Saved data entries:
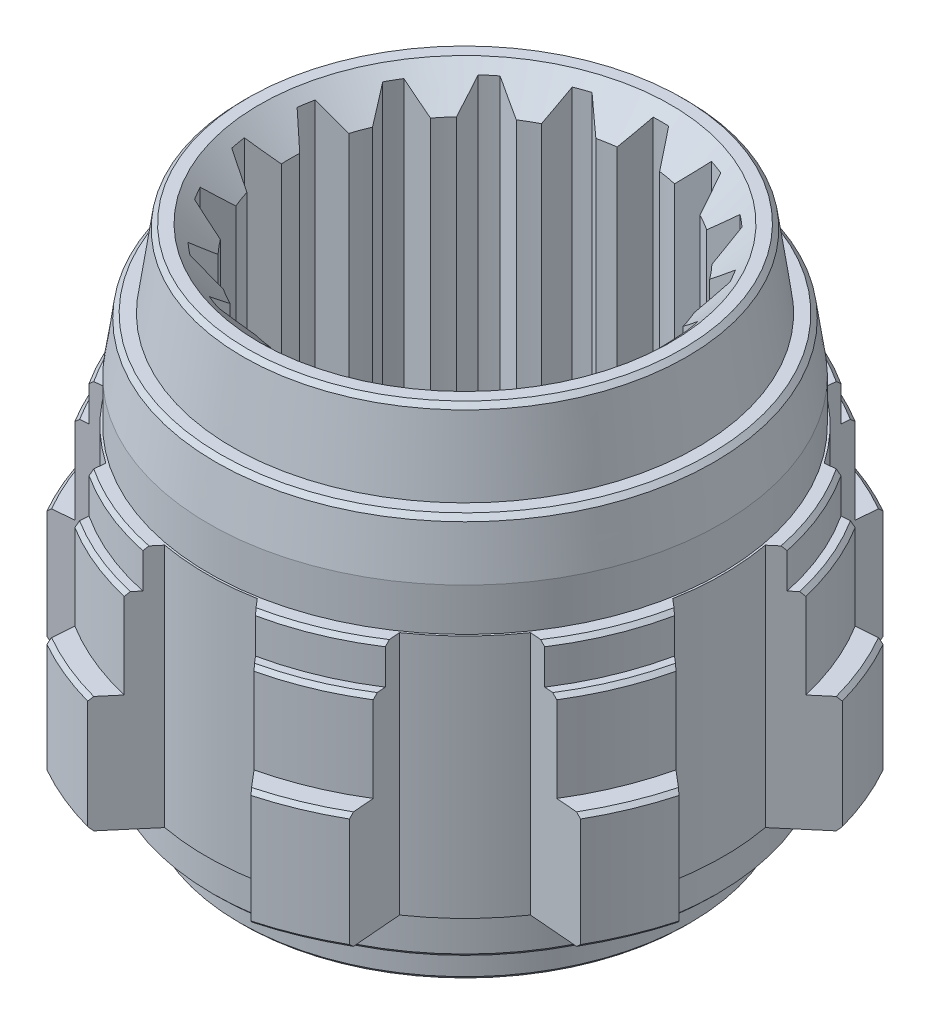
from build123d import *
from OCP.BRepFilletAPI import BRepFilletAPI_MakeChamfer

# Parameters (mm, degrees)
CHANFRO1_SIZE         = 4
CHANFRO2_SIZE         = 4
CORTE_EXTRUS_O1_DEPTH = 84.872090147
CORTE_EXTRUS_O2_DEPTH = 90.227846903
CHANFRO3_SIZE         = 0.5
CHANFRO3_SIZE2        = 0.589255651
CHANFRO4_SIZE         = 0.5
CHANFRO5_SIZE         = 0.5
FILETE1_R             = 0.5


with BuildPart() as part:
    # Esboço1 → Revolução1 (revolve)
    with BuildSketch(Plane.XY, mode=Mode.PRIVATE) as revolu_o1_sk:
        Polygon((33.579417807, 39.933198396), (39.579417807, 39.933198396), (41.007989235, 29.933198396), (43.079417807, 29.933198396), (44.079417807, 22.933198396), (44.079417807, 17.433198396), (46.079417807, 17.433198396), (46.079417807, 12.433198396), (47.579417807, 12.433198396), (47.579417807, 0.933198396), (50.579417807, 0.933198396), (50.579417807, -14.066801604), (43.579417807, -14.066801604), (43.579417807, -19.066801604), (40.079417807, -19.066801604), (40.079417807, -24.066801604), (33.579417807, -24.066801604), align=None)
    revolve(revolu_o1_sk.sketch.rotate(Axis((11.079417807, -43.667177543, 0), (0, 1, 0)), 90), axis=Axis((11.079417807, -43.667177543, 0), (0, 1, 0)))

    # Chanfro1
    chanfro1_edges = [part.edges().sort_by_distance(p)[0] for p in [
        (11.079417807, 39.933198396, 22.5),
    ]]
    chamfer(chanfro1_edges, length=CHANFRO1_SIZE)

    # Chanfro2
    chanfro2_edges = [part.edges().sort_by_distance(p)[0] for p in [
        (11.079417807, -24.066801604, 22.5),
    ]]
    chamfer(chanfro2_edges, length=CHANFRO2_SIZE)

    # Esboço2 → Corte-extrusão1 (cut, through all)
    with BuildSketch(Plane.XZ.offset(14.066801604)):
        with BuildLine():
            Line((17.042087845, 32.710993045), (21.598692286, 38.073545467))
            ThreePointArc((21.598692286, 38.073545467), (11.079417807, 39.5), (0.560143327, 38.073545467))
            Line((0.560143327, 38.073545467), (5.116747769, 32.710993045))
            ThreePointArc((5.116747769, 32.710993045), (11.079417807, 33.25), (17.042087845, 32.710993045))
        make_face()
        with BuildLine():
            Line((-7.834502777, 27.34640942), (-8.404394059, 34.360312501))
            ThreePointArc((-8.404394059, 34.360312501), (-16.85130005, 27.930717857), (-23.280894694, 19.483811866))
            Line((-23.280894694, 19.483811866), (-16.266991613, 18.913920584))
            ThreePointArc((-16.266991613, 18.913920584), (-12.431882668, 23.511300474), (-7.834502777, 27.34640942))
        make_face()
        with BuildLine():
            Line((-21.631575239, 5.962670038), (-26.99412766, 10.519274479))
            ThreePointArc((-26.99412766, 10.519274479), (-28.420582193, 0), (-26.99412766, -10.519274479))
            Line((-26.99412766, -10.519274479), (-21.631575239, -5.962670038))
            ThreePointArc((-21.631575239, -5.962670038), (-22.170582193, 0), (-21.631575239, 5.962670038))
        make_face()
        with BuildLine():
            Line((-16.266991613, -18.913920584), (-23.280894694, -19.483811866))
            ThreePointArc((-23.280894694, -19.483811866), (-16.85130005, -27.930717857), (-8.404394059, -34.360312501))
            Line((-8.404394059, -34.360312501), (-7.834502777, -27.34640942))
            ThreePointArc((-7.834502777, -27.34640942), (-12.431882668, -23.511300474), (-16.266991613, -18.913920584))
        make_face()
        with BuildLine():
            ThreePointArc((0.560143327, -38.073545467), (11.079417807, -39.5), (21.598692286, -38.073545467))
            Line((21.598692286, -38.073545467), (17.042087845, -32.710993045))
            ThreePointArc((17.042087845, -32.710993045), (11.079417807, -33.25), (5.116747769, -32.710993045))
            Line((5.116747769, -32.710993045), (0.560143327, -38.073545467))
        make_face()
        with BuildLine():
            ThreePointArc((30.563229673, -34.360312501), (39.010135664, -27.930717857), (45.439730308, -19.483811866))
            Line((45.439730308, -19.483811866), (38.425827226, -18.913920584))
            ThreePointArc((38.425827226, -18.913920584), (34.590718281, -23.511300474), (29.993338391, -27.34640942))
            Line((29.993338391, -27.34640942), (30.563229673, -34.360312501))
        make_face()
        with BuildLine():
            ThreePointArc((50.579417807, 0), (50.221179686, 5.307775148), (49.152963274, 10.519274479))
            Line((49.152963274, 10.519274479), (43.790410852, 5.962670038))
            ThreePointArc((43.790410852, 5.962670038), (44.194391903, 2.993491376), (44.329417807, 0))
            ThreePointArc((44.329417807, 0), (44.194391903, -2.993491376), (43.790410852, -5.962670038))
            Line((43.790410852, -5.962670038), (49.152963274, -10.519274479))
            ThreePointArc((49.152963274, -10.519274479), (50.221179686, -5.307775148), (50.579417807, 0))
        make_face()
        with BuildLine():
            ThreePointArc((30.563229673, 34.360312501), (39.010135664, 27.930717857), (45.439730308, 19.483811866))
            Line((45.439730308, 19.483811866), (38.425827226, 18.913920584))
            ThreePointArc((38.425827226, 18.913920584), (34.590718281, 23.511300474), (29.993338391, 27.34640942))
            Line((29.993338391, 27.34640942), (30.563229673, 34.360312501))
        make_face()
    extrude(amount=-CORTE_EXTRUS_O1_DEPTH, mode=Mode.SUBTRACT)

    # Esboço3 → Corte-extrusão2 (cut, through all)
    with BuildSketch(Plane.XZ.offset(24.066801604)):
        with BuildLine():
            Line((10.081066848, 25.230255555), (8.345600916, 22.333299022))
            ThreePointArc((8.345600916, 22.333299022), (11.079417807, 22.5), (13.813234698, 22.333299022))
            Line((13.813234698, 22.333299022), (12.077768766, 25.230255555))
            ThreePointArc((12.077768766, 25.230255555), (11.079417807, 25.25), (10.081066848, 25.230255555))
        make_face()
        with BuildLine():
            Line((18.770530399, 24.050141104), (16.14890838, 21.921456734))
            ThreePointArc((16.14890838, 21.921456734), (18.774871032, 21.143083968), (21.286803498, 20.051415844))
            Line((21.286803498, 20.051415844), (20.646816457, 23.367228827))
            ThreePointArc((20.646816457, 23.367228827), (19.715426426, 23.727238675), (18.770530399, 24.050141104))
        make_face()
        with BuildLine():
            Line((26.532332262, 19.969224693), (23.340760464, 18.865563237))
            ThreePointArc((23.340760464, 18.865563237), (25.542139025, 17.23599997), (27.529210939, 15.351035988))
            Line((27.529210939, 15.351035988), (28.061894671, 18.68576944))
            ThreePointArc((28.061894671, 18.68576944), (27.309804951, 19.342622189), (26.532332262, 19.969224693))
        make_face()
        with BuildLine():
            Line((32.430284582, 13.47972507), (29.053713665, 13.534204388))
            ThreePointArc((29.053713665, 13.534204388), (30.564989392, 11.25), (31.787530556, 8.799094634))
            Line((31.787530556, 8.799094634), (33.428635541, 11.750530485))
            ThreePointArc((33.428635541, 11.750530485), (32.946559252, 12.625), (32.430284582, 13.47972507))
        make_face()
        with BuildLine():
            Line((35.753007263, 5.364371664), (32.598701513, 6.570420746))
            ThreePointArc((32.598701513, 6.570420746), (33.23759225, 3.907083997), (33.548146155, 1.185852607))
            Line((33.548146155, 1.185852607), (36.099730912, 3.398004134))
            ThreePointArc((36.099730912, 3.398004134), (35.94581357, 4.384616486), (35.753007263, 5.364371664))
        make_face()
        with BuildLine():
            Line((36.099730912, -3.398004135), (33.548146155, -1.185852607))
            ThreePointArc((33.548146155, -1.185852607), (33.23759225, -3.907083998), (32.598701513, -6.570420746))
            Line((32.598701513, -6.570420746), (35.753007263, -5.364371664))
            ThreePointArc((35.753007263, -5.364371664), (35.94581357, -4.384616486), (36.099730912, -3.398004135))
        make_face()
        with BuildLine():
            Line((33.428635541, -11.750530485), (31.787530556, -8.799094634))
            ThreePointArc((31.787530556, -8.799094634), (30.564989392, -11.25), (29.053713665, -13.534204388))
            Line((29.053713665, -13.534204388), (32.430284582, -13.47972507))
            ThreePointArc((32.430284582, -13.47972507), (32.946559252, -12.625), (33.428635541, -11.750530485))
        make_face()
        with BuildLine():
            Line((28.061894671, -18.68576944), (27.529210939, -15.351035988))
            ThreePointArc((27.529210939, -15.351035988), (25.542139025, -17.23599997), (23.340760464, -18.865563237))
            Line((23.340760464, -18.865563237), (26.532332262, -19.969224693))
            ThreePointArc((26.532332262, -19.969224693), (27.309804951, -19.342622189), (28.061894671, -18.68576944))
        make_face()
        with BuildLine():
            Line((20.646816457, -23.367228827), (21.286803498, -20.051415844))
            ThreePointArc((21.286803498, -20.051415844), (18.774871032, -21.143083968), (16.14890838, -21.921456734))
            Line((16.14890838, -21.921456734), (18.770530399, -24.050141104))
            ThreePointArc((18.770530399, -24.050141104), (19.715426426, -23.727238675), (20.646816457, -23.367228827))
        make_face()
        with BuildLine():
            Line((12.077768766, -25.230255555), (13.813234698, -22.333299022))
            ThreePointArc((13.813234698, -22.333299022), (11.079417807, -22.5), (8.345600916, -22.333299022))
            Line((8.345600916, -22.333299022), (10.081066848, -25.230255555))
            ThreePointArc((10.081066848, -25.230255555), (11.079417807, -25.25), (12.077768766, -25.230255555))
        make_face()
        with BuildLine():
            Line((3.388305215, -24.050141104), (6.009927233, -21.921456734))
            ThreePointArc((6.009927233, -21.921456734), (3.383964582, -21.143083968), (0.872032115, -20.051415844))
            Line((0.872032115, -20.051415844), (1.512019157, -23.367228827))
            ThreePointArc((1.512019157, -23.367228827), (2.443409188, -23.727238675), (3.388305215, -24.050141104))
        make_face()
        with BuildLine():
            Line((-4.373496649, -19.969224693), (-1.18192485, -18.865563237))
            ThreePointArc((-1.18192485, -18.865563237), (-3.383303411, -17.23599997), (-5.370375326, -15.351035988))
            Line((-5.370375326, -15.351035988), (-5.903059058, -18.68576944))
            ThreePointArc((-5.903059058, -18.68576944), (-5.150969338, -19.342622189), (-4.373496649, -19.969224693))
        make_face()
        with BuildLine():
            Line((-10.271448968, -13.47972507), (-6.894878051, -13.534204388))
            ThreePointArc((-6.894878051, -13.534204388), (-8.406153778, -11.25), (-9.628694942, -8.799094634))
            Line((-9.628694942, -8.799094634), (-11.269799927, -11.750530485))
            ThreePointArc((-11.269799927, -11.750530485), (-10.787723639, -12.625), (-10.271448968, -13.47972507))
        make_face()
        with BuildLine():
            Line((-13.594171649, -5.364371664), (-10.439865899, -6.570420746))
            ThreePointArc((-10.439865899, -6.570420746), (-11.078756636, -3.907083998), (-11.389310542, -1.185852607))
            Line((-11.389310542, -1.185852607), (-13.940895299, -3.398004135))
            ThreePointArc((-13.940895299, -3.398004135), (-13.786977957, -4.384616486), (-13.594171649, -5.364371664))
        make_face()
        with BuildLine():
            Line((-13.940895299, 3.398004134), (-11.389310542, 1.185852607))
            ThreePointArc((-11.389310542, 1.185852607), (-11.078756636, 3.907083997), (-10.439865899, 6.570420746))
            Line((-10.439865899, 6.570420746), (-13.594171649, 5.364371664))
            ThreePointArc((-13.594171649, 5.364371664), (-13.786977957, 4.384616486), (-13.940895299, 3.398004134))
        make_face()
        with BuildLine():
            Line((-11.269799927, 11.750530485), (-9.628694942, 8.799094634))
            ThreePointArc((-9.628694942, 8.799094634), (-8.406153778, 11.25), (-6.894878051, 13.534204388))
            Line((-6.894878051, 13.534204388), (-10.271448968, 13.47972507))
            ThreePointArc((-10.271448968, 13.47972507), (-10.787723639, 12.625), (-11.269799927, 11.750530485))
        make_face()
        with BuildLine():
            Line((-5.903059058, 18.68576944), (-5.370375326, 15.351035988))
            ThreePointArc((-5.370375326, 15.351035988), (-3.383303411, 17.23599997), (-1.18192485, 18.865563237))
            Line((-1.18192485, 18.865563237), (-4.373496649, 19.969224693))
            ThreePointArc((-4.373496649, 19.969224693), (-5.150969338, 19.342622189), (-5.903059058, 18.68576944))
        make_face()
        with BuildLine():
            Line((1.512019157, 23.367228827), (0.872032115, 20.051415844))
            ThreePointArc((0.872032115, 20.051415844), (3.383964582, 21.143083968), (6.009927233, 21.921456734))
            Line((6.009927233, 21.921456734), (3.388305215, 24.050141104))
            ThreePointArc((3.388305215, 24.050141104), (2.443409188, 23.727238675), (1.512019157, 23.367228827))
        make_face()
    extrude(amount=-CORTE_EXTRUS_O2_DEPTH, mode=Mode.SUBTRACT)

    # Chanfro3: one chamfer whose edges measure the first distance from different faces: ONE call of the kernel's chamfer builder (chamfer() names one face for all edges)
    chanfro3_edges_1 = [part.edges().sort_by_distance(p)[0] for p in [
        (-4.036577772, -14.066801604, -36.493241534),
        (-2.314502326, 17.433198396, -32.335783638),
        (-4.036577772, 0.933198396, -36.493241534),
        (-2.888527475, 12.433198396, -33.721602937),
        (26.195413385, -14.066801604, -36.493241534),
        (24.47333794, 17.433198396, -32.335783638),
        (26.195413385, 0.933198396, -36.493241534),
        (25.047363088, 12.433198396, -33.721602937),
        (47.572659341, -14.066801604, -15.115995578),
        (43.415201445, 17.433198396, -13.393920133),
        (47.572659341, 0.933198396, -15.115995578),
        (44.801020743, 12.433198396, -13.967945281),
        (43.415201445, 17.433198396, 13.393920133),
        (47.572659341, 0.933198396, 15.115995578),
        (44.801020743, 12.433198396, 13.967945281),
        (-25.413823727, -14.066801604, -15.115995578),
        (-21.256365831, 17.433198396, -13.393920133),
        (-25.413823727, 0.933198396, -15.115995578),
        (-22.64218513, 12.433198396, -13.967945281),
    ]]
    chanfro3_edges_2 = [part.edges().sort_by_distance(p)[0] for p in [
        (11.079417807, 29.933198396, 32),
    ]]
    chanfro3_side_2 = [part.faces().sort_by_distance(p)[0] for p in [
        (11.079417807, 29.933198396, 30.833668108),
    ]]
    chanfro3_edges_3 = [part.edges().sort_by_distance(p)[0] for p in [
        (11.079417807, 39.933198396, 28.5),
    ]]
    chanfro3_side_3 = [part.faces().sort_by_distance(p)[0] for p in [
        (11.079417807, 39.933198396, 27.306101731),
    ]]
    chanfro3 = BRepFilletAPI_MakeChamfer(part.part.solid().wrapped)
    for e in chanfro3_edges_1:
        chanfro3.Add(CHANFRO3_SIZE, e.wrapped)
    for e in chanfro3_edges_2:
        chanfro3.Add(CHANFRO3_SIZE, CHANFRO3_SIZE2, e.wrapped, chanfro3_side_2[0].wrapped)  # the first distance lies on this face
    for e in chanfro3_edges_3:
        chanfro3.Add(CHANFRO3_SIZE, CHANFRO3_SIZE2, e.wrapped, chanfro3_side_3[0].wrapped)  # the first distance lies on this face
    add(Compound.cast(chanfro3.Shape()), mode=Mode.REPLACE)

    # Chanfro4
    chanfro4_edges = [part.edges().sort_by_distance(p)[0] for p in [
        (47.572659341, -14.066801604, 15.115995578),
        (26.195413385, -14.066801604, 36.493241534),
        (24.47333794, 17.433198396, 32.335783638),
        (26.195413385, 0.933198396, 36.493241534),
        (25.047363088, 12.433198396, 33.721602937),
        (-4.036577772, -14.066801604, 36.493241534),
        (-4.036577772, 0.933198396, 36.493241534),
        (-2.888527475, 12.433198396, 33.721602937),
        (-2.314502326, 17.433198396, 32.335783638),
        (-25.413823727, -14.066801604, 15.115995578),
        (-25.413823727, 0.933198396, 15.115995578),
        (-22.64218513, 12.433198396, 13.967945281),
        (-21.256365831, 17.433198396, 13.393920133),
    ]]
    chamfer(chanfro4_edges, length=CHANFRO4_SIZE)

    # Chanfro5
    chanfro5_edges = [part.edges().sort_by_distance(p)[0] for p in [
        (11.079417807, -24.066801604, 29),
        (11.079417807, -19.066801604, 32.5),
    ]]
    chamfer(chanfro5_edges, length=CHANFRO5_SIZE)

    # Filete1
    filete1_edges = [part.edges().sort_by_distance(p)[0] for p in [
        (11.079417807, -19.066801604, 29),
        (11.079417807, -14.066801604, 32.5),
    ]]
    fillet(filete1_edges, radius=FILETE1_R)


solid = part.part

» Activity: From the records above, show each line that contains the word "Plane".

» Response:
    with BuildSketch(Plane.XY, mode=Mode.PRIVATE) as revolu_o1_sk:
    with BuildSketch(Plane.XZ.offset(14.066801604)):
    with BuildSketch(Plane.XZ.offset(24.066801604)):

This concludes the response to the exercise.